Kazimir lifts his cane up, approaching Logan again with a slow pace. “A room has been prepared for her here, safe, secure. Make sure Vor gets her here undamaged and untroubled,” Kazimir lifts one dark brow. “And perhaps you and I can begin discussions about Europe?” An errand, but also a proving of worth. A job interview.

Logan doesn't have to put effort into stopping himself from asking, is she pretty? Swallowing back words is a matter of survival in these wilds. But he thinks it, bright and clear, wonders if there's anything within his husk of a leader beyond just killing smog and hunger, where parasite ends and host begins, but doesn't wonder it for long until he imagines leaving New York City forever.

He remains still and upright as Kazimir approaches, hands knit together in front. "Take the princess, leave behind a dragon," is what he says. He starts to say: It'll be done.

And instead says, "I'll see she's taken care of."

Attention is given to Logan’s choice of words, and Kazimir offers a look to him that is little more than narrow eyes staring vacantly from behind a decaying mask of rapidly-aging flesh. The cane comes up, slowly, and the snarling wolf’s head is pressed to Logan’s shoulder. It's at first a gently brush of steel on fabric, then pressed by a greater strength, the pointed muzzle of the wolf biting uncomfortably where bone is close to the surface of the shoulder.

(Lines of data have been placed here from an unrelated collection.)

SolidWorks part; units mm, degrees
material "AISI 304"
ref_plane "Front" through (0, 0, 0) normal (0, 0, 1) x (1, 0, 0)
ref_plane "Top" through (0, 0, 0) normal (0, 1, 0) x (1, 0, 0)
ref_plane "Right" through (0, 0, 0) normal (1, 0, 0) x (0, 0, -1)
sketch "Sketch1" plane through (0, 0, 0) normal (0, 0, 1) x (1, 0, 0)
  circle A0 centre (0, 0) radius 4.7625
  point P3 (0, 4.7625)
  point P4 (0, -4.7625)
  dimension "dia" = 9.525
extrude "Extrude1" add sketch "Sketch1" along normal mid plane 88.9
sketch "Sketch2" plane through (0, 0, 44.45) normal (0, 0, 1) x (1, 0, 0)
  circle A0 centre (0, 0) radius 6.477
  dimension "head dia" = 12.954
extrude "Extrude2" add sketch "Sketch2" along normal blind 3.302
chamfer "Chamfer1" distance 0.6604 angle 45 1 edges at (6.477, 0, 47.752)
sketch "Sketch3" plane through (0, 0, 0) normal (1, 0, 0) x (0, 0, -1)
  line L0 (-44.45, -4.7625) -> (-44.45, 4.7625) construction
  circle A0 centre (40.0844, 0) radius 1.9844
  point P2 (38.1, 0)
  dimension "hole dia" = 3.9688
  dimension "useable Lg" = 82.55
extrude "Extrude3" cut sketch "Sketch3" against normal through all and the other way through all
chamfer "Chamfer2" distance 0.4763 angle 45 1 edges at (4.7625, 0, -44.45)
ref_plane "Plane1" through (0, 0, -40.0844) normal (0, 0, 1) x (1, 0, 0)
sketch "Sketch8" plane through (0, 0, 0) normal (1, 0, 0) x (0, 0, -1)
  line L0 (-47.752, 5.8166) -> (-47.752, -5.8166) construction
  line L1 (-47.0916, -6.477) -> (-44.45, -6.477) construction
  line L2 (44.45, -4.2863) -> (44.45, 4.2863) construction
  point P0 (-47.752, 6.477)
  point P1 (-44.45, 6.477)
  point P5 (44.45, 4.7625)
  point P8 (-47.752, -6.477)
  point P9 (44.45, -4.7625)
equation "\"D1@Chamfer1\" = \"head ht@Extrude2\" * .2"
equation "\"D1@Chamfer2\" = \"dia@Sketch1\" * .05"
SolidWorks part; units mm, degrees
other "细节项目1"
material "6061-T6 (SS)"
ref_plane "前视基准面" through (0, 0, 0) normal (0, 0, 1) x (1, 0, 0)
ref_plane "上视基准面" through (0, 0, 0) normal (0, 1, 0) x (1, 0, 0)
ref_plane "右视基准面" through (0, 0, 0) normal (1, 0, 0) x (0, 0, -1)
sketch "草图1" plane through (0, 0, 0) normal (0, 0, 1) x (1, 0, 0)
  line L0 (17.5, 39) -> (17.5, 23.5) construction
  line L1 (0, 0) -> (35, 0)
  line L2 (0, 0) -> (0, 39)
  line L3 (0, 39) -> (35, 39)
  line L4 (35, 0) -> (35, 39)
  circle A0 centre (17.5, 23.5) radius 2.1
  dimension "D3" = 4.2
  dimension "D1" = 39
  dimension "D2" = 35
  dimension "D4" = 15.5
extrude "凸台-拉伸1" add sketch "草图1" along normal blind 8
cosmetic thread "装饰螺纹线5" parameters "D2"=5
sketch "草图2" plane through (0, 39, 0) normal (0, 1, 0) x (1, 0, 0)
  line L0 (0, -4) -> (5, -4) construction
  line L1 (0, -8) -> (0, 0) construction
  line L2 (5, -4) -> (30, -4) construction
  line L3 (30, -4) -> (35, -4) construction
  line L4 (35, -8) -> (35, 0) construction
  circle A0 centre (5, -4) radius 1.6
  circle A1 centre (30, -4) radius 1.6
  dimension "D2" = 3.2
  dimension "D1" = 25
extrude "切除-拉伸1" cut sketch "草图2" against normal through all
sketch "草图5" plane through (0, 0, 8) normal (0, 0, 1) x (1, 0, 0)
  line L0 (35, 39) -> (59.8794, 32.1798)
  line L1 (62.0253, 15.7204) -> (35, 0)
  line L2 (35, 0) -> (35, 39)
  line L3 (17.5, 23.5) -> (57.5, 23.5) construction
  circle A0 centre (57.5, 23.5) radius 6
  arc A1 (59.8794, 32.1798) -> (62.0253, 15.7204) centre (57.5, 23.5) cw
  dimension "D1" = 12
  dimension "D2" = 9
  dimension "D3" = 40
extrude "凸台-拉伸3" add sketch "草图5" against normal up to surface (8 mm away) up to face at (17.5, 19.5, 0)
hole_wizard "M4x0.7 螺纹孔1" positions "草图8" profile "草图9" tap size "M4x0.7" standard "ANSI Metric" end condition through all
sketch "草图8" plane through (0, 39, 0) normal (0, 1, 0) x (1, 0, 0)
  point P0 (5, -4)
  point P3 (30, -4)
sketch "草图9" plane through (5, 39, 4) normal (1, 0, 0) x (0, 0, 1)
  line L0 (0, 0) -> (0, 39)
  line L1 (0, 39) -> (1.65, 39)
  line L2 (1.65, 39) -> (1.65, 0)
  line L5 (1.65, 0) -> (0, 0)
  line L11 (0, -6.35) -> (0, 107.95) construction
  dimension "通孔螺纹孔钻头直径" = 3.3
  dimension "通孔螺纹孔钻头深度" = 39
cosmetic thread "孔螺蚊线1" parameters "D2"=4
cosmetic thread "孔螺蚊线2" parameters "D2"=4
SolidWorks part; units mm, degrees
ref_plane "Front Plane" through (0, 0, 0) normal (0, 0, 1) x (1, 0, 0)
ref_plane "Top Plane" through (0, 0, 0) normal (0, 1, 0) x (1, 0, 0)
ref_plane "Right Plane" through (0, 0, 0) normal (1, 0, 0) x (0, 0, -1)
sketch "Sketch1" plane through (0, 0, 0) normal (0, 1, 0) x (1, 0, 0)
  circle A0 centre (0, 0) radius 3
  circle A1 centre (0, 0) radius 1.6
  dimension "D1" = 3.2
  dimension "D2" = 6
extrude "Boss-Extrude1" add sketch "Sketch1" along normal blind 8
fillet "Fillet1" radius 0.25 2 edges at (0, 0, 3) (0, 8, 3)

“The standard by which a man is measured,” Kazimir intones as he steps closer to Logan, “is weighed not by his intentions, but by his actions. One comes to understand a man through his successes, and his failures.” Quieter, now, Kazimir leans in and brings his weathered face closer to Logan’s, parallel as if to whisper a secret into his ear. “If you succeed,” is a rasp that comes with an uncomfortable prickling at being this close to Kazimir. “I will know you and name you Lodurr, and you will be free.”

As if that statement alone was some sort of magic, Kazimir eases back on the cane and leans away from Logan as if to imply the release of weight and burden. “Fail me…” his pale blue eyes assess Logan’s stare with haunting emptiness.

“…and I will seek to better understand you.”

The implication is clear.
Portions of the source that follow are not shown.